I am trying to conduct a multilevel analysis of data from PISA 2018 survey but I am not quite sure how to proceed with the formulation of my model. The data I am using could be downloaded from: https://www.oecd.org/pisa/data/2018database/ . The idea is to have students Mathematics scores as dependent variable in one regression and then Reading scores in another regression. Both of these will be regressed on variables at the student level such as gender, socio-economic status etc. as level-1 explanatory variables and variables at the school level (level-2) such as school size, whether the school is private or public and so on. The set-up for my data is the following:
library(intsvy)
pisa = pisa.select.merge(folder = file.path("YourDirectory"),
student.file="CY07_MSU_STU_QQQ.sav",
school.file="CY07_MSU_SCH_QQQ.sav",
student = c("ST004D01T", "ESCS", "IMMIG"),
school = c("SCHLTYPE", "SCHSIZE", "STRATIO", "EDUSHORT", "STAFFSHORT"),
countries = c("BEL", "CZE", "DNK", "ESP", "FRA", "GBR", "GRC", "HUN","ITA",
"LTU", "NLD", "NOR", "POL", "SVK", "SVN"))

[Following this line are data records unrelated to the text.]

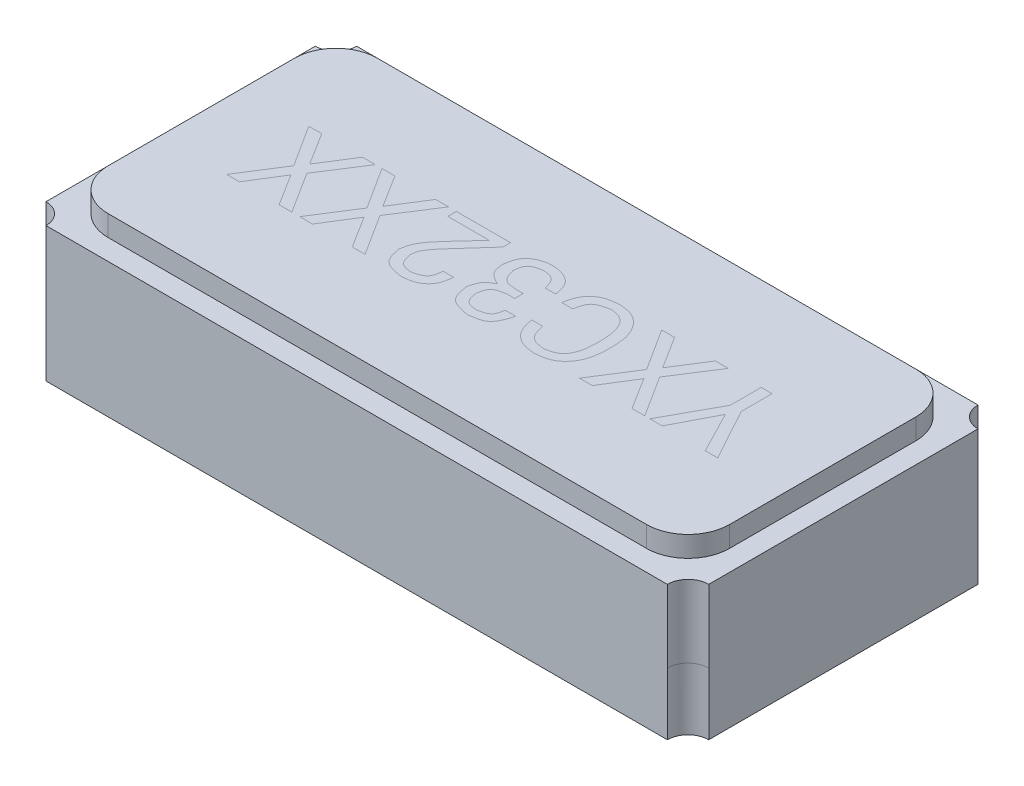
from build123d import *

# Parameters (mm, degrees)
EXTRUDE_1_DEPTH = 0.65
EXTRUDE_2_DEPTH = 0.1


with BuildPart() as part:
    # Эскиз1 → Бобышка-Вытянуть1 (new body)
    with BuildSketch(Plane(origin=(0, 0, 0), x_dir=(1, 0, 0), z_dir=(0, 1, 0))):
        with BuildLine():
            Line((-1.5, 0.75), (1.5, 0.75))
            ThreePointArc((1.5, 0.75), (1.529289322, 0.679289322), (1.6, 0.65))
            Line((1.6, 0.65), (1.6, -0.65))
            ThreePointArc((1.6, -0.65), (1.529289322, -0.679289322), (1.5, -0.75))
            Line((1.5, -0.75), (-1.5, -0.75))
            ThreePointArc((-1.5, -0.75), (-1.529289322, -0.679289322), (-1.6, -0.65))
            Line((-1.6, -0.65), (-1.6, 0.65))
            ThreePointArc((-1.6, 0.65), (-1.529289322, 0.679289322), (-1.5, 0.75))
        make_face()
    extrude(amount=EXTRUDE_1_DEPTH)

    # Эскиз2 → Бобышка-Вытянуть2 (add)
    with BuildSketch(Plane(origin=(0, 0.65, 0), x_dir=(1, 0, 0), z_dir=(0, 1, 0))):
        with BuildLine():
            Line((-1.3, 0.65), (1.3, 0.65))
            ThreePointArc((1.3, 0.65), (1.441421356, 0.591421356), (1.5, 0.45))
            Line((1.5, 0.45), (1.5, -0.45))
            ThreePointArc((1.5, -0.45), (1.441421356, -0.591421356), (1.3, -0.65))
            Line((1.3, -0.65), (-1.3, -0.65))
            ThreePointArc((-1.3, -0.65), (-1.441421356, -0.591421356), (-1.5, -0.45))
            Line((-1.5, -0.45), (-1.5, 0.45))
            ThreePointArc((-1.5, 0.45), (-1.441421356, 0.591421356), (-1.3, 0.65))
        make_face()
    extrude(amount=EXTRUDE_2_DEPTH)


solid = part.part
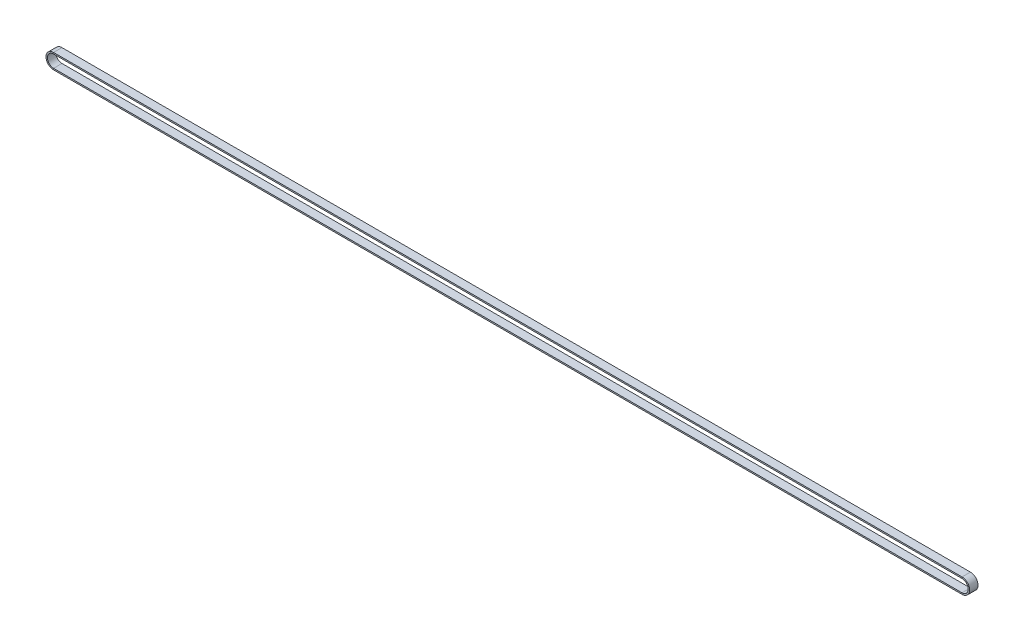
from build123d import *

# Parameters (mm, degrees)
SKETCH3_W = 9
SKETCH3_H = 1.5


with BuildPart() as part:
    # Sweep1: sweep along a path in Sketch2
    with BuildLine(Plane.XY) as sweep1_path:
        Line((-0.000133637, 41.109015103), (-976.331033952, 41.109015103))
        ThreePointArc((-976.331033952, 41.109015103), (-984.470783952, 49.248765103), (-976.331033952, 57.388515103))
        Line((-976.331033952, 57.388515103), (-0.000133637, 57.388515103))
        ThreePointArc((-0.000133637, 57.388515103), (8.139616363, 49.248765103), (-0.000133637, 41.109015103))
    # Sketch3 → Sweep1 (sweep)
    with BuildSketch(Plane(origin=(-0.000133637, 57.388515103, 0), x_dir=(0, 0, -1), z_dir=(1, 0, 0))):
        with Locations((4.5, -0.75)):
            Rectangle(SKETCH3_W, SKETCH3_H)
    sweep(path=sweep1_path.line)


solid = part.part
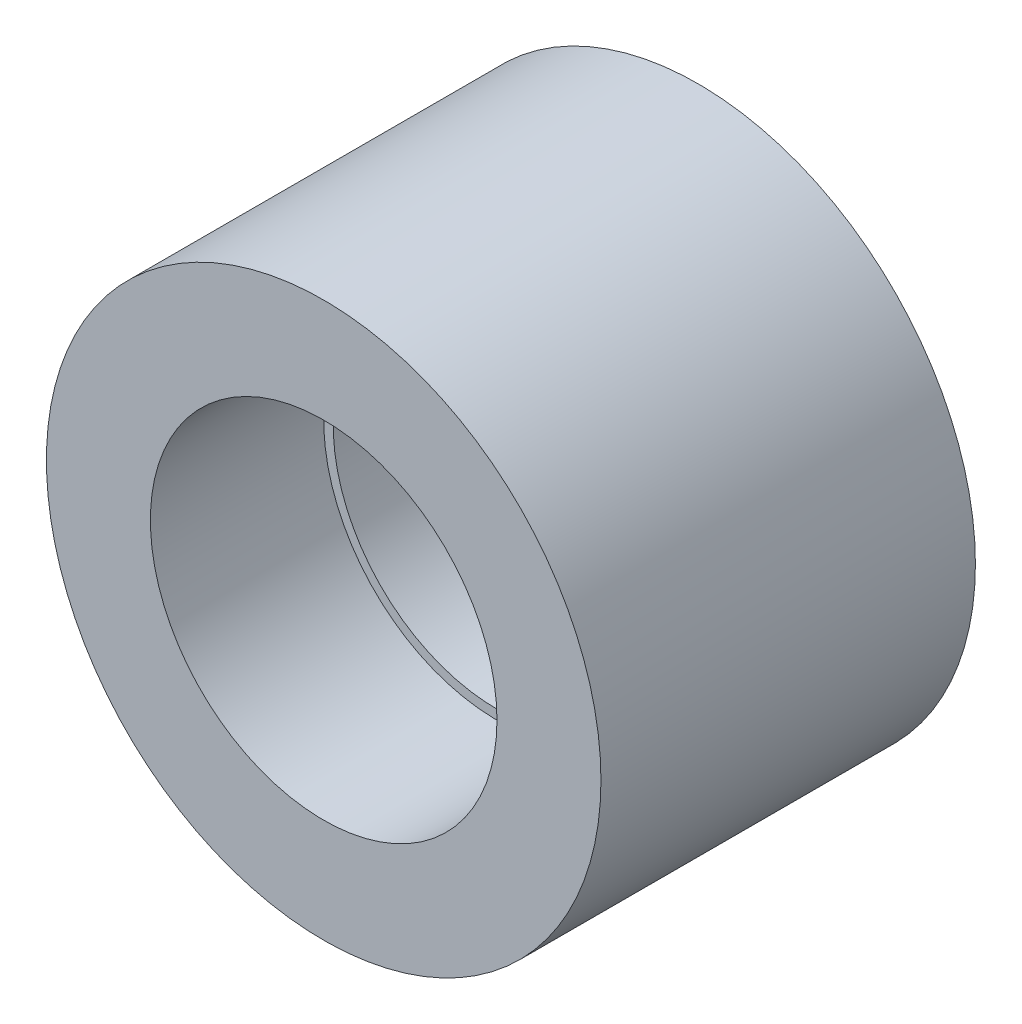
from build123d import *

# Parameters (mm, degrees)
SKETCH1_R           = 5.08
SKETCH1_R_2         = 3.175
BOSS_EXTRUDE1_DEPTH = 3.175
BOSS_EXTRUDE2_START = -3.68554
SKETCH1_3_R         = 5.08
SKETCH1_3_R_2       = 3
BOSS_EXTRUDE2_DEPTH = 3.68554


with BuildPart() as part:
    # Sketch1 → Boss-Extrude1 (new body)
    with BuildSketch(Plane.XY):
        Circle(SKETCH1_R)
        Circle(SKETCH1_R_2, mode=Mode.SUBTRACT)
    extrude(amount=BOSS_EXTRUDE1_DEPTH)

    # Sketch1<3> → Boss-Extrude2 (add)
    with BuildSketch(Plane.XY.offset(BOSS_EXTRUDE2_START)):
        Circle(SKETCH1_3_R)
        Circle(SKETCH1_3_R_2, mode=Mode.SUBTRACT)
    extrude(amount=BOSS_EXTRUDE2_DEPTH)


solid = part.part

pisa$CNTRYID = as.factor(pisa$CNTRYID)
pisa$CNTRYID = revalue(pisa$CNTRYID, c("56" = "Belgium", "203" = "Czech Republic", "208" = "Denmark", "724" = "Spain",
"250" = "France", "826" = "United Kingdom", "300" = "Greece", "348" = "Hungary",
"380" = "Italy", "440" = "Lithuania", "528" = "Netherlands", "578" = "Norway",
"616" = "Poland", "703" = "Slovak Republic", "705" = "Slovenia"))
I would like to use the "lme4" package for my analysis. The problem I'm facing is that I have an idea of how my regression should probably look like, I will give an illustrative example with the null model and "lme4" and "lmerTest" package:
library(lme4)
library(lmerTest)
reg = lmer(MathScores ~ 1 + (1|studentid) + (1|schoolid)
but I don't which variable to put for MathScores. This is because in the data there are 10 plausible values (PV) for Math and Read each in a different column: PV1MATH, PV2MATH ... PV10MATH and the same for READ, so I am not sure whether I have to take the mean or if I have to do something else. Maybe you can have a look here: https://www.r-bloggers.com/sampling-weights-and-multilevel-modeling-in-r/ ,where I found a similar analysis of what I would like to do. In the link I provided, the author uses PV1MATH as dependent variable, however, I did not find any reasoning why this particular PV.
I would appreciate any help that could lead me to the right direction and if there is some more information that I have not provided feel free to let me know and I will do my best to provide it. Thank you in advance!
P.S. I have tried asking in StackOverflow but I was told that this is a more statistical question so that is why I am posting it here.